Growing Business Through Economic Gardening

Some localities are changing the game plan when it comes to spurring economic development. Rather than courting big companies through tax incentives for an economic boost, they are cultivating local businesses, or performing “economic gardening,” to bring their economies to the top. As reported in Governing Magazine:

Soon after, Gibbons and his team connected with a Denver think tank, the Center for the New West, that was anxious to test a theory developed by a Massachusetts Institute of Technology economist economist David Burch. That theory was that so-called Stage 2 companies, employing between 10 and 100 people and with annual revenue of at least $1 million, create the best kind of jobs that will improve an economy. As opposed to small shops that create mostly minimum wage jobs, these mid-sized companies were growing the middle class workforce. Nationally speaking, Stage 2 businesses make up 10 percent of the business population — but they create 35 percent of the jobs. The thinking was that if such companies had the proper push they could drive a local economy upward.
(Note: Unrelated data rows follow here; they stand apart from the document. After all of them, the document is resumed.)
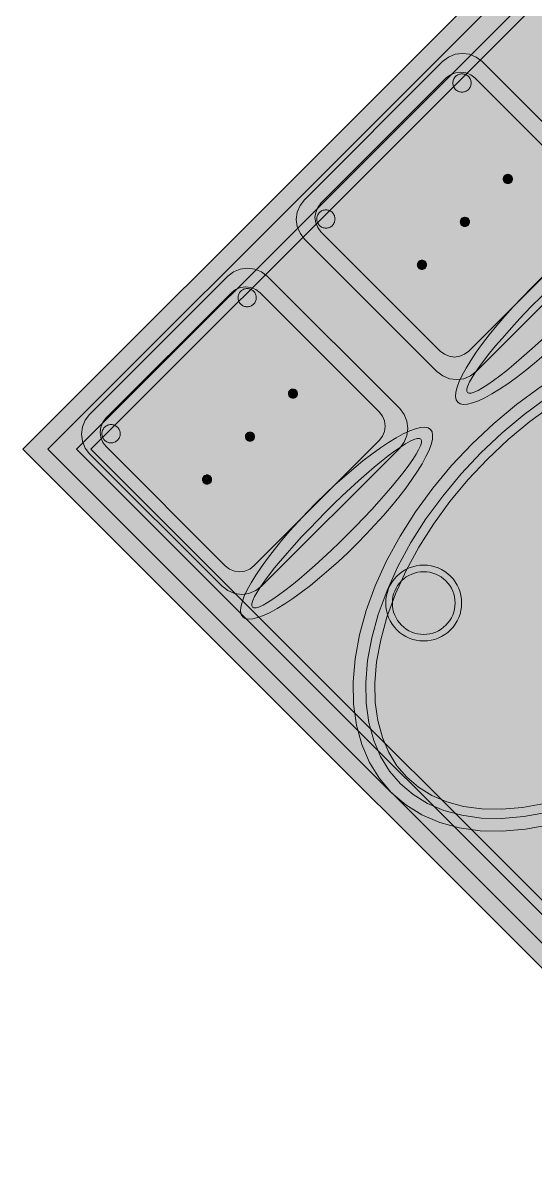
# Model space of a CAD drawing. Header units: metres. Extents: x 2172.2 to 2210.6, y 415.3 to 458.1.
# Drawn here: x 2203.342 to 2204.354, y 427.275 to 429.524 of the extents above; entities that cross this region are included whole.
import ezdxf

# ---------------------------------------------------------------- set-up
doc = ezdxf.new("R2010")
doc.units = ezdxf.units.M
for name, color, linetype, lineweight in [('NC_N1_CHAIRS', 7, 'CONTINUOUS', 13), ('NC_N1_FLOOR_DECOR', 32, 'CONTINUOUS', 13), ('NC_N1_TABLES', 7, 'CONTINUOUS', 13)]:
    doc.layers.add(name, color=color, linetype=linetype, lineweight=lineweight)

# ---------------------------------------------------------------- blocks, each defined once
blk = doc.blocks.new('NC_N1_MIXED_FLOOR_BAY_06')
at = {"true_color": 0xeff0ee}
h = blk.add_hatch(color=256, dxfattribs=at)
h.dxf.hatch_style = 1
h.paths.add_polyline_path([(15.2653, -3.3949), (15.2864, -3.416), (15.2949, -3.4245), (15.3244, -3.454), (15.3328, -3.4624), (15.3727, -3.5023), (15.4167, -3.5463), (15.4797, -3.6093), (15.5237, -3.6533), (15.6258, -3.7554), (15.6698, -3.7994), (15.7328, -3.8625), (15.7768, -3.9065), (15.879, -4.0086), (15.923, -4.0526), (15.986, -4.1156), (16.03, -4.1596), (16.1322, -4.2618), (16.1762, -4.3058), (16.2392, -4.3688), (16.2832, -4.4128), (16.3853, -4.515), (16.4294, -4.559), (16.4924, -4.622), (16.5364, -4.666), (16.6043, -4.7339), (16.6128, -4.7424), (16.6423, -4.7719), (16.6507, -4.7803), (16.6718, -4.8014), (14.7485, -6.7248), (13.342, -5.3183)])
at = {"color": 0, "linetype": 'CONTINUOUS', "lineweight": -2, "true_color": 0xa5b2b8}
blk.add_lwpolyline([(16.6718, -4.8014), (14.7485, -6.7248), (13.342, -5.3183), (15.2653, -3.3949)], dxfattribs=at)
at = {"color": 0, "linetype": 'CONTINUOUS', "lineweight": -2, "true_color": 0xa38246}
for points in [[(16.6223, -4.8014), (14.7485, -6.6753), (13.3915, -5.3183), (15.2653, -3.4444)], [(16.5375, -4.8014), (14.7485, -6.5904), (13.4763, -5.3183), (15.2653, -3.5293)]]:
    blk.add_lwpolyline(points, dxfattribs=at)
at = {"color": 0, "linetype": 'CONTINUOUS', "lineweight": -2, "true_color": 0x778fa0}
blk.add_lwpolyline([(16.5658, -4.8014), (14.7485, -6.6187), (13.4481, -5.3183), (15.2653, -3.501)], dxfattribs=at)
blk = doc.blocks.new('NC_N1_DINING_2')
at = {"true_color": 0xf6f5ef}
h = blk.add_hatch(color=256, dxfattribs=at)
h.dxf.hatch_style = 1
h.paths.add_polyline_path([(0.6, 0), (0.5971, 0.0368), (0.5885, 0.0732), (0.5742, 0.1089), (0.5543, 0.1435), (0.5292, 0.1768), (0.4989, 0.2083), (0.4638, 0.2379), (0.4243, 0.2652), (0.3806, 0.2899), (0.3333, 0.3118), (0.2828, 0.3307), (0.2296, 0.3465), (0.1742, 0.3589), (0.1171, 0.3678), (0.0588, 0.3732), (0, 0.375), (-0.0588, 0.3732), (-0.1171, 0.3678), (-0.1742, 0.3589), (-0.2296, 0.3465), (-0.2828, 0.3307), (-0.3333, 0.3118), (-0.3806, 0.2899), (-0.4243, 0.2652), (-0.4638, 0.2379), (-0.4989, 0.2083), (-0.5292, 0.1768), (-0.5543, 0.1435), (-0.5742, 0.1089), (-0.5885, 0.0732), (-0.5971, 0.0368), (-0.6, 0), (-0.5971, -0.0368), (-0.5885, -0.0732), (-0.5742, -0.1089), (-0.5543, -0.1435), (-0.5292, -0.1768), (-0.4989, -0.2083), (-0.4638, -0.2379), (-0.4243, -0.2652), (-0.3806, -0.2899), (-0.3333, -0.3118), (-0.2828, -0.3307), (-0.2296, -0.3465), (-0.1742, -0.3589), (-0.1171, -0.3678), (-0.0588, -0.3732), (0, -0.375), (0.0588, -0.3732), (0.1171, -0.3678), (0.1742, -0.3589), (0.2296, -0.3465), (0.2828, -0.3307), (0.3333, -0.3118), (0.3806, -0.2899), (0.4243, -0.2652), (0.4638, -0.2379), (0.4989, -0.2083), (0.5292, -0.1768), (0.5543, -0.1435), (0.5742, -0.1089), (0.5885, -0.0732), (0.5971, -0.0368)])
at = {"color": 0, "linetype": 'CONTINUOUS', "lineweight": -2, "true_color": 0x2d3540}
blk.add_lwpolyline([(0.6, 0), (0.5971, 0.0368), (0.5885, 0.0732), (0.5742, 0.1089), (0.5543, 0.1435), (0.5292, 0.1768), (0.4989, 0.2083), (0.4638, 0.2379), (0.4243, 0.2652), (0.3806, 0.2899), (0.3333, 0.3118), (0.2828, 0.3307), (0.2296, 0.3465), (0.1742, 0.3589), (0.1171, 0.3678), (0.0588, 0.3732), (0, 0.375), (-0.0588, 0.3732), (-0.1171, 0.3678), (-0.1742, 0.3589), (-0.2296, 0.3465), (-0.2828, 0.3307), (-0.3333, 0.3118), (-0.3806, 0.2899), (-0.4243, 0.2652), (-0.4638, 0.2379), (-0.4989, 0.2083), (-0.5292, 0.1768), (-0.5543, 0.1435), (-0.5742, 0.1089), (-0.5885, 0.0732), (-0.5971, 0.0368), (-0.6, 0), (-0.5971, -0.0368), (-0.5885, -0.0732), (-0.5742, -0.1089), (-0.5543, -0.1435), (-0.5292, -0.1768), (-0.4989, -0.2083), (-0.4638, -0.2379), (-0.4243, -0.2652), (-0.3806, -0.2899), (-0.3333, -0.3118), (-0.2828, -0.3307), (-0.2296, -0.3465), (-0.1742, -0.3589), (-0.1171, -0.3678), (-0.0588, -0.3732), (0, -0.375), (0.0588, -0.3732), (0.1171, -0.3678), (0.1742, -0.3589), (0.2296, -0.3465), (0.2828, -0.3307), (0.3333, -0.3118), (0.3806, -0.2899), (0.4243, -0.2652), (0.4638, -0.2379), (0.4989, -0.2083), (0.5292, -0.1768), (0.5543, -0.1435), (0.5742, -0.1089), (0.5885, -0.0732), (0.5971, -0.0368)], close=True, dxfattribs=at)
at = {"color": 0, "linetype": 'CONTINUOUS', "lineweight": -2, "true_color": 0xa38246}
for points in [[(0.5749, 0), (0.5723, -0.0329), (0.5646, -0.0656), (0.5516, -0.0979), (0.5334, -0.1297), (0.5101, -0.1605), (0.4818, -0.1901), (0.4486, -0.218), (0.411, -0.244), (0.3692, -0.2676), (0.3237, -0.2887), (0.2749, -0.307), (0.2233, -0.3222), (0.1695, -0.3343), (0.114, -0.343), (0.0573, -0.3482), (0, -0.35), (-0.0573, -0.3482), (-0.114, -0.343), (-0.1695, -0.3343), (-0.2233, -0.3222), (-0.2749, -0.307), (-0.3237, -0.2887), (-0.3692, -0.2676), (-0.411, -0.244), (-0.4486, -0.218), (-0.4818, -0.1901), (-0.5101, -0.1605), (-0.5334, -0.1297), (-0.5516, -0.0979), (-0.5646, -0.0656), (-0.5723, -0.0329), (-0.5749, 0), (-0.5723, 0.0329), (-0.5646, 0.0656), (-0.5516, 0.0979), (-0.5334, 0.1297), (-0.5101, 0.1605), (-0.4818, 0.1901), (-0.4486, 0.218), (-0.411, 0.244), (-0.3692, 0.2676), (-0.3237, 0.2887), (-0.2749, 0.307), (-0.2233, 0.3222), (-0.1695, 0.3343), (-0.114, 0.343), (-0.0573, 0.3482), (0, 0.35), (0.0573, 0.3482), (0.114, 0.343), (0.1695, 0.3343), (0.2233, 0.3222), (0.2749, 0.307), (0.3237, 0.2887), (0.3692, 0.2676), (0.411, 0.244), (0.4486, 0.218), (0.4818, 0.1901), (0.5101, 0.1605), (0.5334, 0.1297), (0.5516, 0.0979), (0.5646, 0.0656), (0.5723, 0.0329)], [(0.5569, 0), (0.5545, -0.0301), (0.5474, -0.0601), (0.5354, -0.0901), (0.5184, -0.1198), (0.4964, -0.1488), (0.4694, -0.1769), (0.4377, -0.2037), (0.4014, -0.2287), (0.361, -0.2516), (0.3167, -0.2721), (0.2692, -0.2899), (0.2188, -0.3048), (0.1661, -0.3166), (0.1117, -0.3251), (0.0562, -0.3303), (0, -0.332), (-0.0562, -0.3303), (-0.1117, -0.3251), (-0.1661, -0.3166), (-0.2188, -0.3048), (-0.2692, -0.2899), (-0.3167, -0.2721), (-0.361, -0.2516), (-0.4014, -0.2287), (-0.4377, -0.2037), (-0.4694, -0.1769), (-0.4964, -0.1488), (-0.5184, -0.1198), (-0.5354, -0.0901), (-0.5474, -0.0601), (-0.5545, -0.0301), (-0.5569, 0), (-0.5545, 0.0301), (-0.5474, 0.0601), (-0.5354, 0.0901), (-0.5184, 0.1198), (-0.4964, 0.1488), (-0.4694, 0.1769), (-0.4377, 0.2037), (-0.4014, 0.2287), (-0.361, 0.2516), (-0.3167, 0.2721), (-0.2692, 0.2899), (-0.2188, 0.3048), (-0.1661, 0.3166), (-0.1117, 0.3251), (-0.0562, 0.3303), (0, 0.332), (0.0562, 0.3303), (0.1117, 0.3251), (0.1661, 0.3166), (0.2188, 0.3048), (0.2692, 0.2899), (0.3167, 0.2721), (0.361, 0.2516), (0.4014, 0.2287), (0.4377, 0.2037), (0.4694, 0.1769), (0.4964, 0.1488), (0.5184, 0.1198), (0.5354, 0.0901), (0.5474, 0.0601), (0.5545, 0.0301)], [(-0.228, 0.22), (-0.2283, 0.2139), (-0.2292, 0.2079), (-0.2307, 0.202), (-0.2327, 0.1963), (-0.2353, 0.1908), (-0.2384, 0.1856), (-0.2421, 0.1807), (-0.2462, 0.1762), (-0.2507, 0.1721), (-0.2556, 0.1684), (-0.2608, 0.1653), (-0.2663, 0.1627), (-0.272, 0.1607), (-0.2779, 0.1592), (-0.2839, 0.1583), (-0.29, 0.158), (-0.2961, 0.1583), (-0.3021, 0.1592), (-0.308, 0.1607), (-0.3137, 0.1627), (-0.3192, 0.1653), (-0.3244, 0.1684), (-0.3293, 0.1721), (-0.3338, 0.1762), (-0.3379, 0.1807), (-0.3416, 0.1856), (-0.3447, 0.1908), (-0.3473, 0.1963), (-0.3493, 0.202), (-0.3508, 0.2079), (-0.3517, 0.2139), (-0.352, 0.22), (-0.3517, 0.2261), (-0.3508, 0.2321), (-0.3493, 0.238), (-0.3473, 0.2437), (-0.3447, 0.2492), (-0.3416, 0.2544), (-0.3379, 0.2593), (-0.3338, 0.2638), (-0.3293, 0.2679), (-0.3244, 0.2716), (-0.3192, 0.2747), (-0.3137, 0.2773), (-0.308, 0.2793), (-0.3021, 0.2808), (-0.2961, 0.2817), (-0.29, 0.282), (-0.2839, 0.2817), (-0.2779, 0.2808), (-0.272, 0.2793), (-0.2663, 0.2773), (-0.2608, 0.2747), (-0.2556, 0.2716), (-0.2507, 0.2679), (-0.2462, 0.2638), (-0.2421, 0.2593), (-0.2384, 0.2544), (-0.2353, 0.2492), (-0.2327, 0.2437), (-0.2307, 0.238), (-0.2292, 0.2321), (-0.2283, 0.2261)], [(0.352, 0.22), (0.3517, 0.2139), (0.3508, 0.2079), (0.3493, 0.202), (0.3473, 0.1963), (0.3447, 0.1908), (0.3416, 0.1856), (0.3379, 0.1807), (0.3338, 0.1762), (0.3293, 0.1721), (0.3244, 0.1684), (0.3192, 0.1653), (0.3137, 0.1627), (0.308, 0.1607), (0.3021, 0.1592), (0.2961, 0.1583), (0.29, 0.158), (0.2839, 0.1583), (0.2779, 0.1592), (0.272, 0.1607), (0.2663, 0.1627), (0.2608, 0.1653), (0.2556, 0.1684), (0.2507, 0.1721), (0.2462, 0.1762), (0.2421, 0.1807), (0.2384, 0.1856), (0.2353, 0.1908), (0.2327, 0.1963), (0.2307, 0.202), (0.2292, 0.2079), (0.2283, 0.2139), (0.228, 0.22), (0.2283, 0.2261), (0.2292, 0.2321), (0.2307, 0.238), (0.2327, 0.2437), (0.2353, 0.2492), (0.2384, 0.2544), (0.2421, 0.2593), (0.2462, 0.2638), (0.2507, 0.2679), (0.2556, 0.2716), (0.2608, 0.2747), (0.2663, 0.2773), (0.272, 0.2793), (0.2779, 0.2808), (0.2839, 0.2817), (0.29, 0.282), (0.2961, 0.2817), (0.3021, 0.2808), (0.308, 0.2793), (0.3137, 0.2773), (0.3192, 0.2747), (0.3244, 0.2716), (0.3293, 0.2679), (0.3338, 0.2638), (0.3379, 0.2593), (0.3416, 0.2544), (0.3447, 0.2492), (0.3473, 0.2437), (0.3493, 0.238), (0.3508, 0.2321), (0.3517, 0.2261)], [(0.085, 0), (0.0846, 0.0054), (0.0834, 0.0107), (0.0813, 0.016), (0.0785, 0.021), (0.075, 0.0259), (0.0707, 0.0306), (0.0657, 0.0349), (0.0601, 0.0389), (0.0539, 0.0425), (0.0472, 0.0457), (0.0401, 0.0485), (0.0325, 0.0508), (0.0247, 0.0526), (0.0166, 0.0539), (0.0083, 0.0547), (0, 0.055), (-0.0083, 0.0547), (-0.0166, 0.0539), (-0.0247, 0.0526), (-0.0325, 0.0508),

Gibbons called it economic gardening and began trying it out in Littleton in the late 1980s by identifying local Stage 2 companies and offering them more resources to help expand their business. Over the next 25 years, Littleton’s population increased by one-quarter but the number of jobs tripled and the city’s sales tax revenue went from $6 million to $21 million. “When Martin Marietta was there, we were a rocket town,” says Gibbons. “Now that economy is so diverse, there is no one industry that could fail and bring down Littleton like it could 25 years ago.”

As Governing Magazine also reports this approach is being used by Maryland under the Advance Maryland program. In its pilot year, the program accepted five companies. This year the program was expanded state-wide. The article notes:

Andrew Ratner, public relations manager for the Maryland Department of Business & Economic Development, says the idea is appealing in part because it takes the focus away from competing with other states. “That’s economic hunting — everybody’s trying to land that enormous auto plant to move halfway across the country,” Ratner says. “And the amount of incentives that often have to be given to lure those kind of things, there’s often a lot of debate if that’s even worth it.”